Reshaping with Patterns
When you’re working with bundles, you often want to transform them—scale all the channels, swap them around, combine them into something new. You could name each intermediate step, creating a new bundle for every little operation, but that gets tedious fast. Patterns let you describe transformations inline, as a pipeline.
The -> operator
The arrow takes a bundle and pipes it into a pattern block. Inside the braces, you describe what the output should look like by referencing strands from the input. The strands are available by name (.r, .g, .b) or by index (.0, .1, .2), and you can put them in any order you want:
img[r,g,b] -> {.g, .r, .b}
This swaps the red and green channels. The pattern receives img, pulls out its strands, and assembles them into a new bundle with green first. Nothing about the original img changes—you’re describing a new bundle derived from it.
Transforming strands
Patterns aren’t just for reordering. Each position in the output can be any expression involving the input strands. If you want to darken an image, you can scale each channel:
img[r,g,b] -> {.0 * 0.5, .1 * 0.5, .2 * 0.5}
Each expression becomes a strand in the output. You’re not limited to simple math—anything you could write as a strand expression works here.
The output bundle doesn’t even need the same number of strands as the input. This is useful when you want to collapse or expand a bundle. For example, converting an RGB image to grayscale means going from three strands to one. You average the channels:
img[r,g,b] -> {(.0 + .1 + .2) / 3}
Going the other direction—expanding a single-strand grayscale back to RGB—you repeat the strand:
gray[val] -> {.0, .0, .0}
The pattern describes the shape of the output. The input’s shape doesn’t constrain it.
Range expansion
When you’re doing the same thing to every strand, writing it out gets repetitive. The range syntax helps. Instead of listing each strand individually:
img[r,g,b] -> {.0 * 0.5, .1 * 0.5, .2 * 0.5}
You can write:
img[r,g,b] -> {0..3 * 0.5}
The range 0..3 expands to .0, .1, .2—the same indices you would have written by hand. When you have multiple ranges in the same expression, they expand together. This lets you do per-strand variation without writing it all out. For example, scaling each channel by a different amount:
sensors[a,b,c,d,e,f] -> {0..6 * [2, 3, 4, 1, 2, 9].(0..6)}
\\ equivalent to
sensors[a,b,c,d,e,f] -> {.0 * 2, .1 * 3, .2 * 4, .3 * 1, .4 * 2, .5 * 9}
Both ranges expand in lockstep: the first iteration gets .0 and index 0, the second gets .1 and index 1, and so on.
Chaining
Because patterns produce bundles, you can chain them. The output of one pattern becomes the input to the next:
img[r,g,b]
-> {0..3 * 0.5}
-> {.2, .1, .0}
-> {(.0 + .1 + .2) / 3}
This reads as a pipeline: darken, reverse channel order, convert to grayscale.

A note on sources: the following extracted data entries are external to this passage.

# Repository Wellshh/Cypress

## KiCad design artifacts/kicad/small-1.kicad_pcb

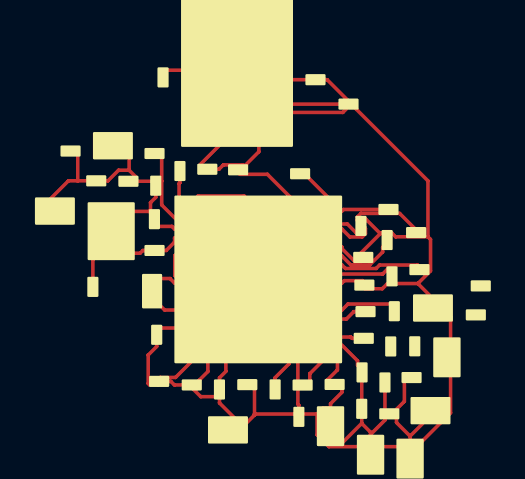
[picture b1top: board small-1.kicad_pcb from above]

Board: 2 copper layers, 57 parts (0 on the bottom side), 35 nets.

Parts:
C2779: C2779
C2781: C2781
C2782: C2782
C2783: C2783
C3780: C3780
C3782: C3782
C3783: C3783
C3784: C3784
C3785: C3785
C3786: C3786
C3787: C3787
C3788: C3788
C3789: C3789
C3790: C3790
C3791: C3791
C3792: C3792
C3795: C3795
C3796: C3796
C3797: C3797
C3798: C3798
C3799: C3799
C3800: C3800
C3801: C3801
C3802: C3802
C3803: C3803
C3804: C3804
C3824: C3824
LB55: LB55
R3729: R3729
R4389: R4389
R4390: R4390
R4392: R4392
R4553: R4553
R4556: R4556
R4557: R4557
R4566: R4566
R4568: R4568
R4570: R4570
R4571: R4571
R4573: R4573
R4574: R4574
R4575: R4575
R4576: R4576
R4577: R4577
R4578: R4578
R4579: R4579
R5027: R5027
R5029: R5029
R5677: R5677
R5820: R5820
R5821: R5821
R5823: R5823
R5908: R5908
R5909: R5909
U382: U382
U383: U383
Y7: Y7

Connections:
GP_I210_SPI_RST_L: R3729.1, U382.1
JTAG_I210_TDO: R5908.1, U383.25
L_I210_GBE0_LINK100_L: R5821.1, U383.28
L_I210_GBE0_LINK_ACT_L: R5823.1, U383.29
NET_1V5_I210: C3795.0, C3797.0, C3799.0, C3801.0, C3803.0, C3824.0, U383.5, U383.6, U383.7
NET_3V3_I210: C3782.0, C3785.0, C3786.0, C3787.0, C3788.0, C3789.0, C3790.0, C3791.0, LB55.0, U383.8, U383.9, U383.10, U383.11, U383.12
NET_3V3_I210_PMOS: C2782.0, C3780.0, LB55.1, R3729.0, R4566.0, R4568.0, R4571.0, R4573.0, R4575.0, R4577.0, R4579.0, R5027.0, R5029.0, R5821.0, R5823.0, R5908.0, R5909.0, U382.0
PCIE_I210_SOC_0AN_C: C3784.1, U383.32
PCIE_I210_SOC_0AP_C: C3783.1, U383.33
SE_I210_CBOT: C2783.0, U383.36
SE_I210_CTOP: C2783.1, U383.37
SE_I210_PCIE_DIS_L: R4566.1, U383.38
SE_I210_XTAL_IN: R5677.0, U383.39
SE_I210_XTAL_IN_R: C2779.0, R5677.1, Y7.0
SE_I210_XTAL_OUT: R4389.0, U383.40
SE_I210_XTAL_OUT_R: C2781.0, R4389.1, Y7.1
SE_NCSI_I210_CLK_IN: R4574.0, U383.41
SE_NCSI_I210_CRS_DV: R4576.0, U383.42
SE_NCSI_I210_RXD0: R4579.1, U383.43
SE_NCSI_I210_RXD1: R4577.1, U383.44
SE_NCSI_I210_TXD0: R4575.1, U383.45
SE_NCSI_I210_TXD1: R4573.1, U383.46
SE_NCSI_I210_TX_EN: R4578.0, U383.47
SE_SPI_I210_MISO_FLASH_R: R4553.1, U382.5
SE_SPI_I210_MUX_CLK_R: R4390.1, U383.48
SE_SPI_I210_MUX_CS_L_R: R4392.1, U383.49
SE_SPI_I210_MUX_MOSI_R: R4556.1, U383.51
SE_SPI_PROG_I210_HOLD_L_PU: R5029.1, U382.6
SE_SPI_PROG_I210_WP_L: R5027.1, U382.7
S_I210_CPLD_WAKE_L: R4568.1, U383.58
S_I210_DEV_OFF_L: R4571.1, U383.59
S_I210_PE_RST_L: R4570.0, U383.60
S_I210_RESET_L: R5820.0, U383.61
S_I210_RSET: R4557.0, U383.62
S_I210_SMB_ALERT_L: R5909.1, U383.63

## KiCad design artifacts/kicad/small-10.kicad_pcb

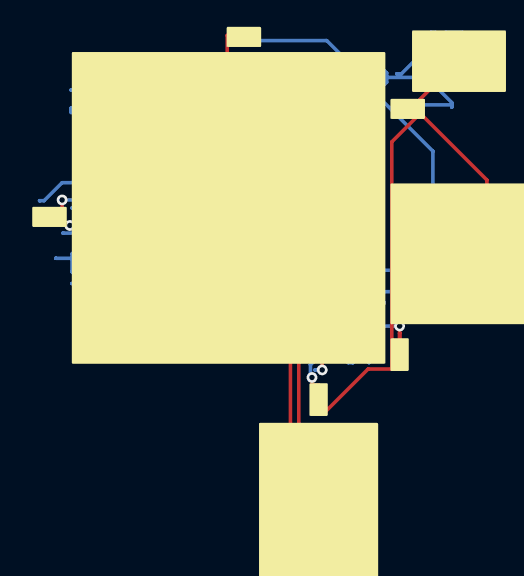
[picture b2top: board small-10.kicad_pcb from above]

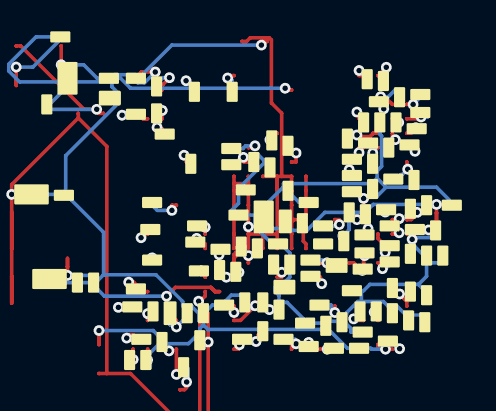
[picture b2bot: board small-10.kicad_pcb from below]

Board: 2 copper layers, 136 parts (127 on the bottom side), 93 nets.

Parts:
C226: C226
C232: C232
C233: C233
C234: C234
C235: C235
C236: C236
C237: C237
C238: C238
C239: C239
C240: C240
C241: C241
C242: C242
C243: C243
C244: C244
C245: C245
C246: C246
C247: C247
C248: C248
C249: C249
C250: C250
C251: C251
C252: C252
C253: C253
C254: C254
C255: C255
C3706: C3706
C3707: C3707
C3708: C3708
C4411: C4411
C4412: C4412
C4413: C4413
C4414: C4414
C4415: C4415
C4416: C4416
C4417: C4417
C4418: C4418
C4419: C4419
C4420: C4420
C4421: C4421
C4422: C4422
C4423: C4423
DS171: DS171
DS172: DS172
J10: J10
J169: J169
LB8: LB8
LB9: LB9
LB31: LB31
R1180: R1180
R1181: R1181
R1191: R1191
R1192: R1192
R1193: R1193
R1194: R1194
R1195: R1195
R1196: R1196
R1197: R1197
R1198: R1198
R1199: R1199
R1200: R1200
R1201: R1201
R1202: R1202
R1203: R1203
R1204: R1204
R1206: R1206
R1207: R1207
R1208: R1208
R1212: R1212
R1213: R1213
R1217: R1217
R1218: R1218
R1219: R1219
R1220: R1220
R1221: R1221
R1222: R1222
R1223: R1223
R1225: R1225
R1226: R1226
R1234: R1234
R1236: R1236
R1238: R1238
R1241: R1241
R1243: R1243
R1244: R1244
R1246: R1246
R1248: R1248
R1249: R1249
R1250: R1250
R1253: R1253
R1301: R1301
R1302: R1302
R2379: R2379
R2380: R2380
R2453: R2453
R2482: R2482
R2823: R2823
R2824: R2824
R2827: R2827
R3286: R3286
R3340: R3340
R3341: R3341
R3342: R3342
R3829: R3829
R3830: R3830
R4106: R4106
R4226: R4226
R4327: R4327
R4329: R4329
R4413: R4413
R4414: R4414
R4497: R4497
R4500: R4500
R4501: R4501
R4649: R4649
R4652: R4652
R4653: R4653
R4654: R4654
R4655: R4655
R4685: R4685
R4695: R4695
R4697: R4697
R4730: R4730
R4732: R4732
R4733: R4733
R4734: R4734
R4735: R4735
R4736: R4736
R4737: R4737
R4738: R4738
R4739: R4739
R4740: R4740
R4766: R4766
R4767: R4767
R4768: R4768
U55: U55
Y4: Y4

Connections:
AG_CPLD_FAN_PWM1_R: R1217.1, U55.31
AG_CPLD_FAN_PWM2_R: R1218.1, U55.32
AG_CPLD_FAN_PWM3_R: R1219.1, U55.33
AG_CPLD_FAN_PWM4_R: R1220.1, U55.34
GP_CEX_REFCLK1_EN: R3829.0, U55.50
GP_CLK_BRD1_RSRVD1_R: R2824.1, U55.55
GP_CLK_BRD1_RSRVD2_R: R4695.1, U55.56
GP_CLK_BRD2_RSRVD1_R: R4106.1, U55.60
GP_CLK_BRD2_RSRVD2_R: R4697.1, U55.61
GP_CPLD_CEX_GPI1_R: R1208.1, U55.66
GP_CPLD_CEX_GPI3_R: R1206.1, U55.68
GP_MAIN_CPLD_HW_REV1: R1234.0, U55.140
GP_MAIN_CPLD_HW_REV2: R1236.0, U55.141
GP_MAIN_CPLD_HW_REV3: R1238.0, U55.142
GP_MAIN_PORTS1_CPLD_FW_RST_L: R1212.0, U55.143
GP_MAIN_PORTS1_CPLD_RST_L: R2379.0, U55.144
GP_MAIN_PORTS2_CPLD_FW_RST_L: R1213.0, U55.145
GP_MAIN_PORTS2_CPLD_RST_L: R2380.0, U55.146
GP_MAIN_PORTS3_CPLD_FW_RST_L: R4652.0, U55.147
GP_MAIN_PORTS3_CPLD_RST_L: R4653.0, U55.148
GP_PPS_IN_LVL_EN_L_R: R4730.1, U55.150
GP_PPS_OUT_LVL_EN_L_R: R4732.1, U55.151
GP_SECURED_DIS_JUMPER: R4327.0, U55.160
GP_SECURED_DIS_JUMPER_IN: J169.2, R4327.1, R4329.0
GP_SPI_JUMPER1: J10.0, R1192.1, U55.163
GP_SPI_JUMPER2: J10.1, R1191.1, U55.164
GP_STRAP_FLASH_PRESENT_R: R1249.1, U55.165
I2C_ASIC_CPLD_M_MDC5_R: R1226.1, U55.176
I2C_ASIC_CPLD_M_MDIO5_R: R1225.1, U55.177
L_CPLD_JTAG_ENB: R1195.1, U55.192
L_CPLD_MAIN_SN_PU: R1253.1, U55.193
L_CPLD_M_DONE: R1194.1, U55.194
L_CPLD_M_INITN_L: C226.0, R1193.1, U55.195
L_CPLD_M_PROGRAMN_L: R1196.1, U55.196
L_MAIN_CPLD_LED0_L: R1180.0, U55.210
L_MAIN_CPLD_LED0_L_R: DS171.1, R1180.1
L_MAIN_CPLD_LIVE_LED_L: R1181.0, U55.211
L_MAIN_CPLD_LIVE_LED_L_R: DS172.1, R1181.1
NET_1V8_VDDIO: C244.0, C246.0, C248.0, LB9.1
NET_3.3V_CPLD_MAIN: C235.0, C236.0, C237.0, C238.0, C239.0, C240.0, C241.0, C242.0, C243.0, C245.0, C247.0, C249.0, C250.0, C252.0, C254.0, C4411.0, C4412.0, C4413.0, C4414.0, C4415.0, C4416.0, C4417.0, C4418.0, C4419.0, C4420.0, C4421.0, C4422.0, C4423.0, LB8.0, U55.2, U55.3, U55.4, U55.5, U55.6, U55.7, U55.8, U55.9, U55.10, U55.11, U55.12, U55.13, U55.14, U55.15, U55.16, U55.17, U55.18, U55.19, U55.20, U55.21, U55.22, U55.23, U55.24, U55.25, U55.26, U55.27, U55.28, U55.29, U55.30
NET_3V3_AUX: C232.0, C233.0, C234.0, C3706.0, DS171.0, DS172.0, J169.0, J169.1, LB8.1, LB31.0, R1191.0, R1192.0, R1193.0, R1194.0, R1195.0, R1196.0, R1253.0, R3340.0, R3830.0
SE_CLK_BRD1_OE_L_R: R4733.1, U55.221
SE_CLK_BRD1_PROGRAM_EN_L_R: R4740.1, U55.222
SE_CLK_BRD1_PWR_EN_R: R4736.1, U55.223
SE_CLK_BRD2_OE_L_R: R4734.1, U55.224
SE_CLK_BRD2_PROGRAM_EN_L_R: R4739.1, U55.225
SE_CLK_BRD2_PWR_EN_R: R4735.1, U55.226
SE_CPLD_LPC_AD0: R1199.0, U55.227
SE_CPLD_LPC_AD1: R1200.0, U55.228
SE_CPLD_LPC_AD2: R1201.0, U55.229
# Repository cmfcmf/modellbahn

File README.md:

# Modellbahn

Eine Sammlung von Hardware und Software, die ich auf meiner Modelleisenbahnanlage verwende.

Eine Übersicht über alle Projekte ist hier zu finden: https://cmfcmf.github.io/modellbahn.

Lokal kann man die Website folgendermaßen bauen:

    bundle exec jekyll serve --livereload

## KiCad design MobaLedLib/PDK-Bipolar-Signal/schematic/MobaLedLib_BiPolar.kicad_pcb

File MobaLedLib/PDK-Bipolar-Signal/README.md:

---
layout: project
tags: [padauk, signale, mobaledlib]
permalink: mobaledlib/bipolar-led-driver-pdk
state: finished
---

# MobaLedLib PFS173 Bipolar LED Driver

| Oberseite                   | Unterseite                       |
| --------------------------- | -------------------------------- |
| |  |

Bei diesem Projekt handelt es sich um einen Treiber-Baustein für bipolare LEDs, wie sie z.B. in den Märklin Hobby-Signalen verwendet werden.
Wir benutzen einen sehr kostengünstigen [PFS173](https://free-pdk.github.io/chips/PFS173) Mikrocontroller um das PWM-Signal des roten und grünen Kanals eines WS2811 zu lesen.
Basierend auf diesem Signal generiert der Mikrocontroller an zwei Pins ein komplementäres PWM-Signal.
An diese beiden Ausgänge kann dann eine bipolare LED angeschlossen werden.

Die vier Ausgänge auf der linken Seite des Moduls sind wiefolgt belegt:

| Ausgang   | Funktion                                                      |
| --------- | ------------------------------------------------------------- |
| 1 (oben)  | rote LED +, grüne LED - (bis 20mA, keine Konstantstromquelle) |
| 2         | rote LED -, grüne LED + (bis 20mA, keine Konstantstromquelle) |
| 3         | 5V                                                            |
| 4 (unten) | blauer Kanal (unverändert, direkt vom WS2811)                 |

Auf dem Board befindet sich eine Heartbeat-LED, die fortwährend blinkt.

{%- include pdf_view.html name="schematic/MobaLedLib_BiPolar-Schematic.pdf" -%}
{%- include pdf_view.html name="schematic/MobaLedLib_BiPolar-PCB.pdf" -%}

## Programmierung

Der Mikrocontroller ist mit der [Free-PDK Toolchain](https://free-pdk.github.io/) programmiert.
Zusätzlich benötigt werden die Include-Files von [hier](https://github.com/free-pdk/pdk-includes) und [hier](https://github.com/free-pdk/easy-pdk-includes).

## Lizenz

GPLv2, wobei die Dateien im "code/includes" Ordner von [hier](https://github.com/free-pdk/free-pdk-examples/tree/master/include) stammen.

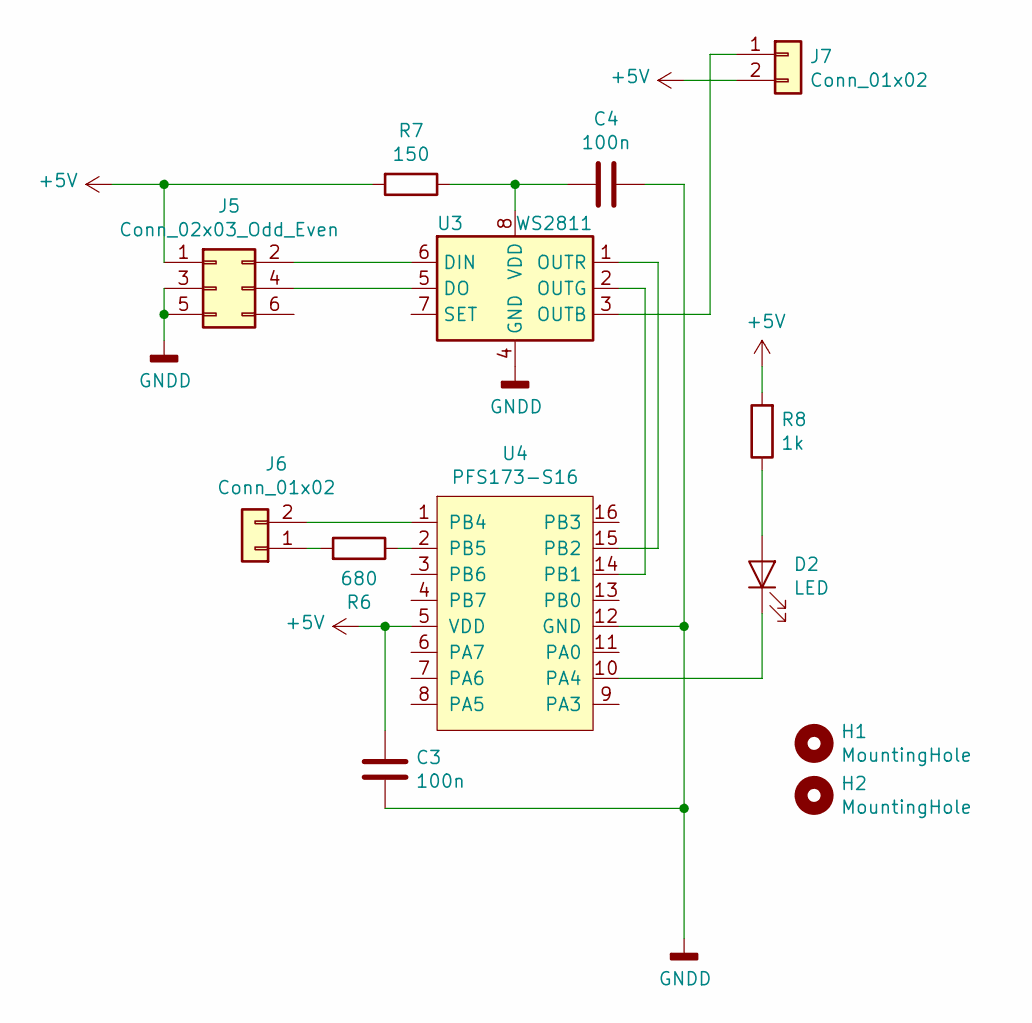
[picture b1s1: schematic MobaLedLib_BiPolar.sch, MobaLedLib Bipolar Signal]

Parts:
C3, C4: 100n; C_Disc_D4.7mm_W2.5mm_P5.00mm
D2: LED; LED_D3.0mm
H1, H2: MountingHole; MountingHole_3.2mm_M3_ISO7380
J5: Conn_02x03_Odd_Even; IDC-Header_2x03_P2.54mm_Vertical
J6, J7: Conn_01x02; TerminalBlock_bornier-2_P5.08mm
R6: 680; R_Axial_DIN0204_L3.6mm_D1.6mm_P2.54mm_Vertical
R7: 150; R_Axial_DIN0204_L3.6mm_D1.6mm_P7.62mm_Horizontal
R8: 1k; R_Axial_DIN0204_L3.6mm_D1.6mm_P2.54mm_Vertical
U3: WS2811; DIP-8_W7.62mm_Socket_LongPads
U4: PFS173-S16; DA04-11SEKWA

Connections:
+5V: C3.1, J5.1, J7.2, R7.2, R8.2, U4.5 (VDD)
GNDD: C3.2, C4.1, J5.3, J5.5, U3.4 (GND), U4.12 (GND)
unnamed: C4.2, R7.1, U3.8 (VDD)
unnamed: D2.1 (K), U4.10 (PA4)
unnamed: D2.2 (A), R8.1
unnamed: J5.2, U3.6 (DIN)
unnamed: J5.4, U3.5 (DO)
unnamed: J6.1, R6.2
unnamed: J6.2, U4.1 (PB4)
unnamed: J7.1, U3.3 (OUTB)
unnamed: R6.1, U4.2 (PB5)
unnamed: U3.1 (OUTR), U4.15 (PB2)
unnamed: U3.2 (OUTG), U4.14 (PB1)

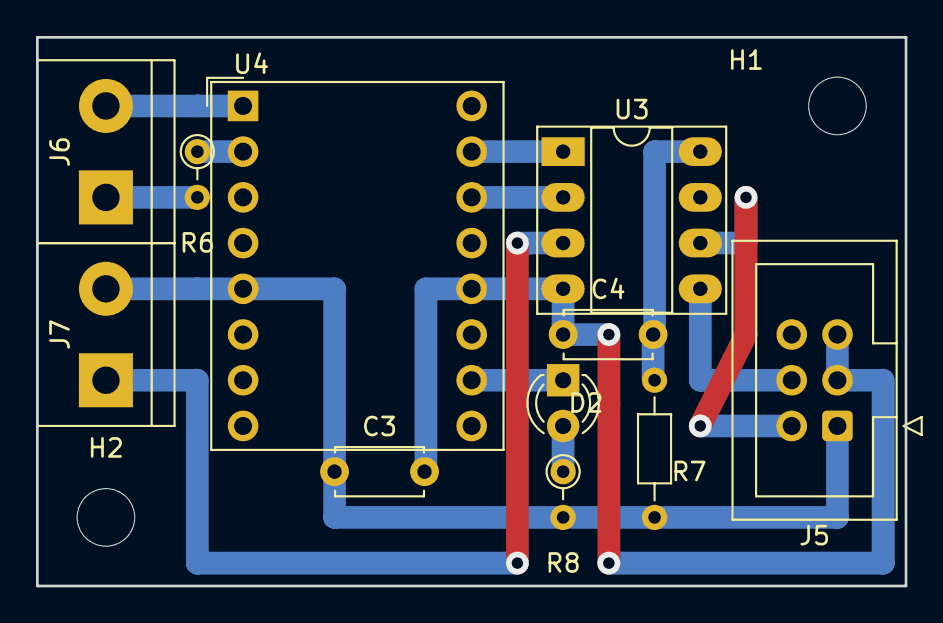
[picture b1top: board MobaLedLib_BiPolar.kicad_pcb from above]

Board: 2 copper layers, 48.3 x 30.5 mm, 13 parts (0 on the bottom side), 13 nets.

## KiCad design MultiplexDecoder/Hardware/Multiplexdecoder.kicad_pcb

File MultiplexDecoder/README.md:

---
layout: project
tags: [arduino, arduino nano, decoder, signale, viessmann, dcc]
permalink: decoder/multiplex
state: wip
related_projects: [signale/multiplex]
---

# Decoder für Viessmann Multiplex-Signale

Es handelt sich um einen DCC-Decoder für 4 Multiplex-Signale von Viessmann.
Der Decoder basiert auf einem Arduino Nano.

## Funktionen

- Ansteuerung von bis zu 4 HV-Signalen, jeweils optional mit Vorsignal am Mast
  - KS-Signale wären theoretisch auch möglich, sind aber noch nicht implementiert, da ich keine zum Testen da habe
- Automatische Erkennung der Signaltypen beim Einschalten
- Alle Signalbilder schaltbar, inklusive "dunkel"
- Sanftes Überblenden zwischen den Signalbildern
- Steuerung über DCC-Weichenbefehle
- Separate Adressen pro Signal und Vorsignal

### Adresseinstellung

Each arrow passes the result along.
One thing to note: the output of a pattern is always an anonymous bundle. Even though img has named strands .r, .g, .b, the next pattern in the chain only sees .0, .1, .2. Names don’t carry through—each pattern works with indices.
Names in patterns
When a bundle goes through a pattern, the output is always anonymous. Even if your input had named strands, the next step in the chain only sees indices.
img[r,g,b] -> {.r, .g, .b} // fine: accessing input by name
-> {.r, .g, .b} // error: output of previous pattern has no .r
The first pattern can use .r because it’s receiving img directly. But its output is just a width-3 bundle with no names attached. The second pattern has to use .0, .1, .2:
img[r,g,b] -> {.r, .g, .b}
-> {.0, .1, .2} // works
If you need names back, assign the result to a new bundle:
swapped[r,g,b] = img[r,g,b] -> {.b, .g, .r}
swapped.r // now you have names again
This is consistent with how patterns work: they describe a new bundle’s shape from scratch. The input’s structure—including its names—is just source material.
External references
Patterns can reach outside the input bundle. If you want to multiply by a value defined elsewhere:
img[r,g,b] -> {0..3 * brightness.val}
The pattern has access to everything in scope, not just the strands being piped in. This is how you combine multiple signals in a pattern—one bundle flows through the pipeline, but it can interact with others along the way.
Limitations
Patterns are intentionally constrained. You can’t name them, store them in a variable, or pass them to a function—they exist only at the point where they’re written. You also can’t define intermediate values inside the braces; each output strand has to be a single expression. When you need more structure than that, spindles are the tool to reach for.